Témoignages de militants d’Unia
Paulo Rebelo, Portugais, GI migration: «J’ai milité au Portugal dès l’âge de 8 ans. Quand je suis arrivé ici, le fait de ne pas avoir voix au chapitre politiquement m’a endormi. J’ai comme été anesthésié pendant vingt ans. J’ai su seulement des années après que je pouvais entrer dans un parti même sans le passeport suisse. J’espère avoir un jour la nationalité suisse, mais au vu de ma situation, cela va être difficile.»
H., Franco-Marocaine, GI femmes: «Je vis à Neuchâtel depuis douze ans. En voyant comment la situation se dégrade pour les migrants, j’ai demandé un permis C que je n’ai toujours pas obtenu, ni pour moi ni pour ma fille. Celle-ci a 18 ans et aurait aimé se former dans l’aviation civile – or, seules les personnes avec le passeport suisse peuvent suivre ce cursus. J’aimerais que la Suisse nous reconnaisse. Je rêverais de pouvoir voter ici. En tant que travailleuse qualifiée dans la recherche et le développement, je sens que ma carrière est freinée du fait de n’être pas naturalisée. J’ai un sentiment d’injustice.»
M., Egyptien, à la retraite, GI migration: «Etudiant à Alexandrie, je suis venu travailler un été en Suisse, et je me suis promis de revenir tant j’ai aimé. Je suis arrivé en 1980 à l’Université de Genève, puis suis parti en France un moment. Je me sens chez moi ici. J’ai eu mon passeport suisse en 2004, après des années et des années de lutte. Cela n’a pas été facile», raconte-t-il, très ému, les larmes aux yeux.
Une résolution pour une naturalisation facilitée
En fin d’après-midi, la rencontre s’est conclue sur une résolution acceptée à l’unanimité. Elle stipule notamment: «Nous revendiquons haut et fort et de manière solidaire l’égalité des droits politiques pour toutes et tous.» Et revient sur les discriminations vécues au quotidien, surtout pour les personnes sans passeport suisse. Leur situation est ainsi souvent synonyme de métiers physiquement éprouvants, de salaires bas, de faibles retraites, de problèmes de santé et de la crainte de recourir à l’aide de l’Etat – même si c’est un droit – par peur de perdre leur droit de séjour. «Personne n’est une marchandise que l’on peut exploiter et jeter», indique encore la résolution. Celle-ci exige «le droit à la citoyenneté pour les générations nées en Suisse; le droit à la citoyenneté dès quatre années de résidence, sans entraves bureaucratiques et financières; les droits civiques aux niveaux communal et cantonal pour les personnes qui résident de manière permanente».

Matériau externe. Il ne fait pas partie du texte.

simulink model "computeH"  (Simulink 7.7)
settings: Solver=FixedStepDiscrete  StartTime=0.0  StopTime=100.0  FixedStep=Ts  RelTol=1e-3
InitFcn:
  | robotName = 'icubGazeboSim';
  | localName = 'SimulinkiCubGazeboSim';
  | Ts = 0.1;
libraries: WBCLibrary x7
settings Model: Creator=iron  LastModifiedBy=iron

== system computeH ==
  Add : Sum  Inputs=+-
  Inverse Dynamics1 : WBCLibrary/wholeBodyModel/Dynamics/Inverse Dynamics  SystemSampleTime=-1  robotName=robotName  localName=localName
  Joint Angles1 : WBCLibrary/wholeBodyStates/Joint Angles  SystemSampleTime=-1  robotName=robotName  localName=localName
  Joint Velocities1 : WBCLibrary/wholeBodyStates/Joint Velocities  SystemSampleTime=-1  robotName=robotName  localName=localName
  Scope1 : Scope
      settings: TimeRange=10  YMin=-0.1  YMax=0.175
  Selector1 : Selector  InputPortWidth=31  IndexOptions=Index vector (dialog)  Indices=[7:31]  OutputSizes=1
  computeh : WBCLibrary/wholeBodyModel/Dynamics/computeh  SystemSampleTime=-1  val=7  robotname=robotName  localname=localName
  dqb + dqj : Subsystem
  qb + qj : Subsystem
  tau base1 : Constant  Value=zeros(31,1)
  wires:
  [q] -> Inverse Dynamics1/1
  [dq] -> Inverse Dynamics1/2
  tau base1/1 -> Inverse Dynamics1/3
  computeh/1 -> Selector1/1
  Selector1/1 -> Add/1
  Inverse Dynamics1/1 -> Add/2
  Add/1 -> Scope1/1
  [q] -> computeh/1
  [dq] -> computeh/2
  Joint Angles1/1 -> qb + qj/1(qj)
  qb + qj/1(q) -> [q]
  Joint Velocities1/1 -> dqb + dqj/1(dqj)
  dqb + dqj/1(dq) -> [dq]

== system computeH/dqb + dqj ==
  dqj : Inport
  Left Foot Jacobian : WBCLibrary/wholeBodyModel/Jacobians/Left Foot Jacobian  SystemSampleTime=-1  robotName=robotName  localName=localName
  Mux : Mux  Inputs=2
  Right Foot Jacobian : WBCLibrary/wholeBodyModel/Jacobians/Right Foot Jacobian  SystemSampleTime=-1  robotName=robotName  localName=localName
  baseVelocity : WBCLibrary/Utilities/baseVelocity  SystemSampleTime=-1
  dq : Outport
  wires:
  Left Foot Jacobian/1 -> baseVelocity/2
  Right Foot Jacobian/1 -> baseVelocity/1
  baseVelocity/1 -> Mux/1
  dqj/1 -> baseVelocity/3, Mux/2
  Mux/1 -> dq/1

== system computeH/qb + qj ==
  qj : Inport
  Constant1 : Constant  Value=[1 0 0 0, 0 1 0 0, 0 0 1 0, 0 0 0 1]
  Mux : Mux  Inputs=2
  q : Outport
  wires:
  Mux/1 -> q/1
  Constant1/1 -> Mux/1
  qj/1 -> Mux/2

A la suite de la rencontre, Marie Saulnier Bloch, secrétaire spécialisée dans le domaine de la migration d’Unia, rappelle que cette résolution est la suite logique de nombreuses actions, engagements et discussions menés par le syndicat depuis des années. «Il est inacceptable que la Suisse exclue de la vie politique encore aujourd’hui un quart de sa population – plus de deux millions de personnes!» Si le droit de vote des personnes sans passeport suisse est possible dans certaines communes et dans les cantons de Neuchâtel et du Jura, pourquoi ne pas aller dans ce sens au niveau fédéral? «La tendance politique actuelle va dans une autre direction, explique Marie Saulnier Bloch. Les personnes qui n’ont pas la nationalité suisse sont précarisées parce que l’on établit un lien de dépendance entre leur droit de séjour et l’aide sociale, les connaissances linguistiques ou l’absence de dettes. De surcroît, les conditions de naturalisation doivent être facilitées, car elles sont les plus restrictives d’Europe occidentale. Les exigences et les procédures varient beaucoup d’une commune ou d’un canton à l’autre, tout comme les coûts à la charge du candidat (en moyenne entre 500 et 2000 francs). Dans certaines communes, les autorités vont même jusqu’à effectuer des “visites surprises” au domicile du candidat.»